### Task brief
Please show each line of the listing where "mechanical" is present.

Segment Start: Data for this exercise

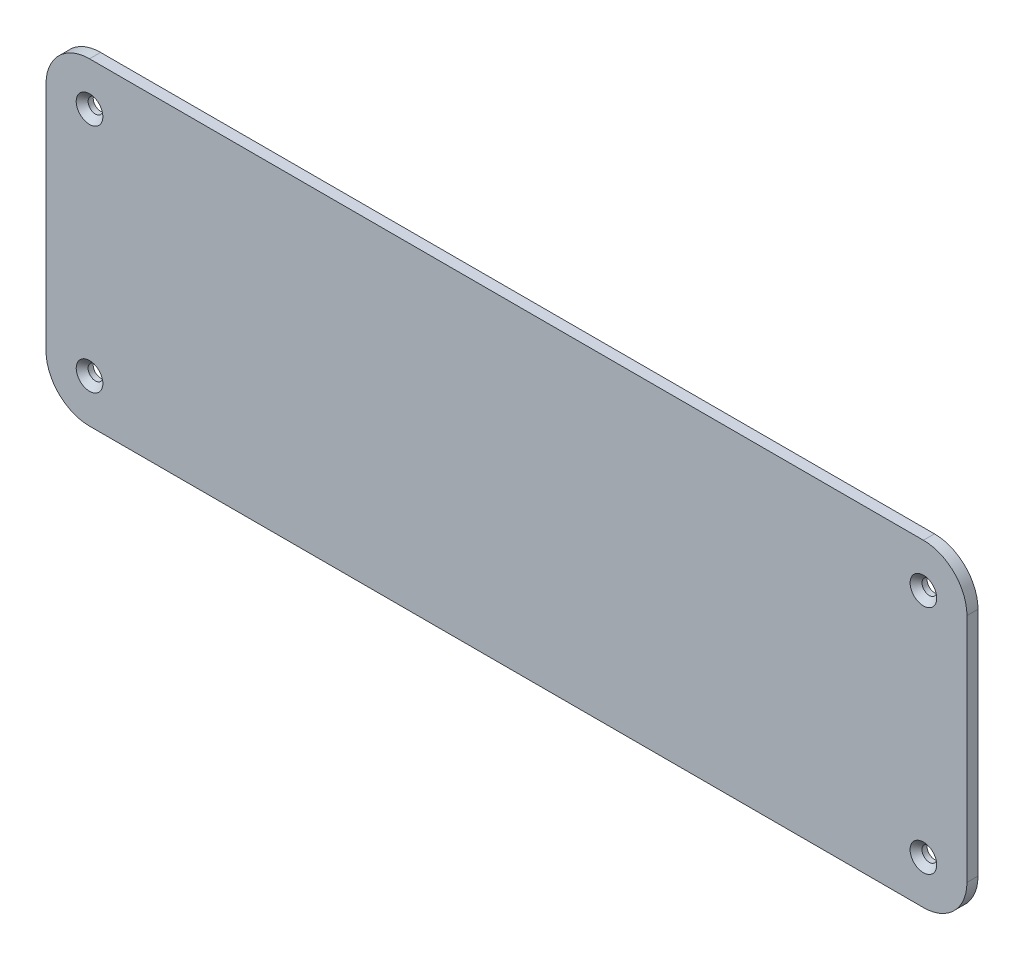
ISO-10303-21;
HEADER;
FILE_DESCRIPTION(('STEP AP214'),'2;1');
FILE_NAME('part.step','',(''),(''),'','','');
FILE_SCHEMA(('AUTOMOTIVE_DESIGN { 1 0 10303 214 1 1 1 1 }'));
ENDSEC;
DATA;
#1=APPLICATION_CONTEXT('core data for automotive mechanical design processes');
#2=APPLICATION_PROTOCOL_DEFINITION('international standard','automotive_design',2000,#1);
#3=PRODUCT_CONTEXT('',#1,'mechanical');
#4=PRODUCT('Part','Part','',(#3));
#5=PRODUCT_RELATED_PRODUCT_CATEGORY('part','',(#4));
#6=PRODUCT_DEFINITION_FORMATION('','',#4);
#7=PRODUCT_DEFINITION_CONTEXT('part definition',#1,'design');
#8=PRODUCT_DEFINITION('design','',#6,#7);
#9=PRODUCT_DEFINITION_SHAPE('','',#8);
#10=(LENGTH_UNIT() NAMED_UNIT(*) SI_UNIT(.MILLI.,.METRE.));
#11=(NAMED_UNIT(*) PLANE_ANGLE_UNIT() SI_UNIT($,.RADIAN.));
#12=(NAMED_UNIT(*) SI_UNIT($,.STERADIAN.) SOLID_ANGLE_UNIT());
#13=UNCERTAINTY_MEASURE_WITH_UNIT(LENGTH_MEASURE(1.E-05),#10,'distance_accuracy_value','');
#14=(GEOMETRIC_REPRESENTATION_CONTEXT(3) GLOBAL_UNCERTAINTY_ASSIGNED_CONTEXT((#13)) GLOBAL_UNIT_ASSIGNED_CONTEXT((#10,
#11,#12)) REPRESENTATION_CONTEXT('',''));
#15=CARTESIAN_POINT('',(0.,0.,0.));
#16=DIRECTION('',(0.,0.,1.));
#17=DIRECTION('',(1.,0.,0.));
#18=AXIS2_PLACEMENT_3D('',#15,#16,#17);
#19=CARTESIAN_POINT('',(124.5,-34.5,325.946730519527));
#20=DIRECTION('',(0.,0.,-1.));
#21=DIRECTION('',(-1.,0.,0.));
#22=AXIS2_PLACEMENT_3D('',#19,#20,#21);
#23=CYLINDRICAL_SURFACE('',#22,13.);
#24=DIRECTION('',(0.,0.,-1.));
#25=VECTOR('',#24,1.);
#26=CARTESIAN_POINT('',(124.500000000012,-47.5,325.946730519527));
#27=LINE('',#26,#25);
#28=CARTESIAN_POINT('',(124.500000000012,-47.5,35.));
#29=VERTEX_POINT('',#28);
#30=CARTESIAN_POINT('',(124.500000000012,-47.5,31.7));
#31=VERTEX_POINT('',#30);
#32=EDGE_CURVE('E145',#29,#31,#27,.T.);
#33=ORIENTED_EDGE('',*,*,#32,.T.);
#34=CARTESIAN_POINT('',(124.5,-34.5,31.7));
#35=DIRECTION('',(0.,0.,1.));
#36=DIRECTION('',(1.,0.,0.));
#37=AXIS2_PLACEMENT_3D('',#34,#35,#36);
#38=CIRCLE('',#37,13.);
#39=CARTESIAN_POINT('',(137.499999999992,-34.49999999998,31.7));
#40=VERTEX_POINT('',#39);
#41=EDGE_CURVE('E42',#31,#40,#38,.T.);
#42=ORIENTED_EDGE('',*,*,#41,.T.);
#43=DIRECTION('',(0.,0.,-1.));
#44=VECTOR('',#43,1.);
#45=CARTESIAN_POINT('',(137.499999999992,-34.49999999998,325.946730519527));
#46=LINE('',#45,#44);
#47=CARTESIAN_POINT('',(137.499999999992,-34.49999999998,35.));
#48=VERTEX_POINT('',#47);
#49=EDGE_CURVE('E147',#48,#40,#46,.T.);
#50=ORIENTED_EDGE('',*,*,#49,.F.);
#51=CARTESIAN_POINT('',(124.5,-34.5,35.));
#52=DIRECTION('',(0.,0.,1.));
#53=DIRECTION('',(1.,0.,0.));
#54=AXIS2_PLACEMENT_3D('',#51,#52,#53);
#55=CIRCLE('',#54,13.);
#56=EDGE_CURVE('E141',#29,#48,#55,.T.);
#57=ORIENTED_EDGE('',*,*,#56,.F.);
#58=EDGE_LOOP('',(#33,#42,#50,#57));
#59=FACE_BOUND('',#58,.T.);
#60=ADVANCED_FACE('F33',(#59),#23,.T.);
#61=CARTESIAN_POINT('',(137.499999999875,-291545.,325.946730519527));
#62=DIRECTION('',(-1.,0.,0.));
#63=DIRECTION('',(0.,-1.,0.));
#64=AXIS2_PLACEMENT_3D('',#61,#62,#63);
#65=PLANE('',#64);
#66=ORIENTED_EDGE('',*,*,#49,.T.);
#67=DIRECTION('',(0.,1.,0.));
#68=VECTOR('',#67,1.);
#69=CARTESIAN_POINT('',(137.499999999875,-291545.,31.7));
#70=LINE('',#69,#68);
#71=CARTESIAN_POINT('',(137.5,34.5000000000368,31.7));
#72=VERTEX_POINT('',#71);
#73=EDGE_CURVE('E169',#40,#72,#70,.T.);
#74=ORIENTED_EDGE('',*,*,#73,.T.);
#75=DIRECTION('',(0.,0.,-1.));
#76=VECTOR('',#75,1.);
#77=CARTESIAN_POINT('',(137.5,34.5000000000368,325.946730519527));
#78=LINE('',#77,#76);
#79=CARTESIAN_POINT('',(137.5,34.5000000000368,35.));
#80=VERTEX_POINT('',#79);
#81=EDGE_CURVE('E150',#80,#72,#78,.T.);
#82=ORIENTED_EDGE('',*,*,#81,.F.);
#83=DIRECTION('',(0.,1.,0.));
#84=VECTOR('',#83,1.);
#85=CARTESIAN_POINT('',(137.499999999875,-291545.,35.));
#86=LINE('',#85,#84);
#87=EDGE_CURVE('E138',#48,#80,#86,.T.);
#88=ORIENTED_EDGE('',*,*,#87,.F.);
#89=EDGE_LOOP('',(#66,#74,#82,#88));
#90=FACE_BOUND('',#89,.T.);
#91=ADVANCED_FACE('F238',(#90),#65,.F.);
#92=CARTESIAN_POINT('',(124.5,34.5,325.946730519527));
#93=DIRECTION('',(0.,0.,-1.));
#94=DIRECTION('',(-1.,0.,0.));
#95=AXIS2_PLACEMENT_3D('',#92,#93,#94);
#96=CYLINDRICAL_SURFACE('',#95,13.);
#97=ORIENTED_EDGE('',*,*,#81,.T.);
#98=CARTESIAN_POINT('',(124.5,34.5,31.7));
#99=DIRECTION('',(0.,0.,1.));
#100=DIRECTION('',(1.,0.,0.));
#101=AXIS2_PLACEMENT_3D('',#98,#99,#100);
#102=CIRCLE('',#101,13.);
#103=CARTESIAN_POINT('',(124.500000000012,47.5000000000126,31.7));
#104=VERTEX_POINT('',#103);
#105=EDGE_CURVE('E167',#72,#104,#102,.T.);
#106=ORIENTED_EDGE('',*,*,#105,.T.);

Segment End: Data for this exercise

### Finished task
#1=APPLICATION_CONTEXT('core data for automotive mechanical design processes');
#3=PRODUCT_CONTEXT('',#1,'mechanical');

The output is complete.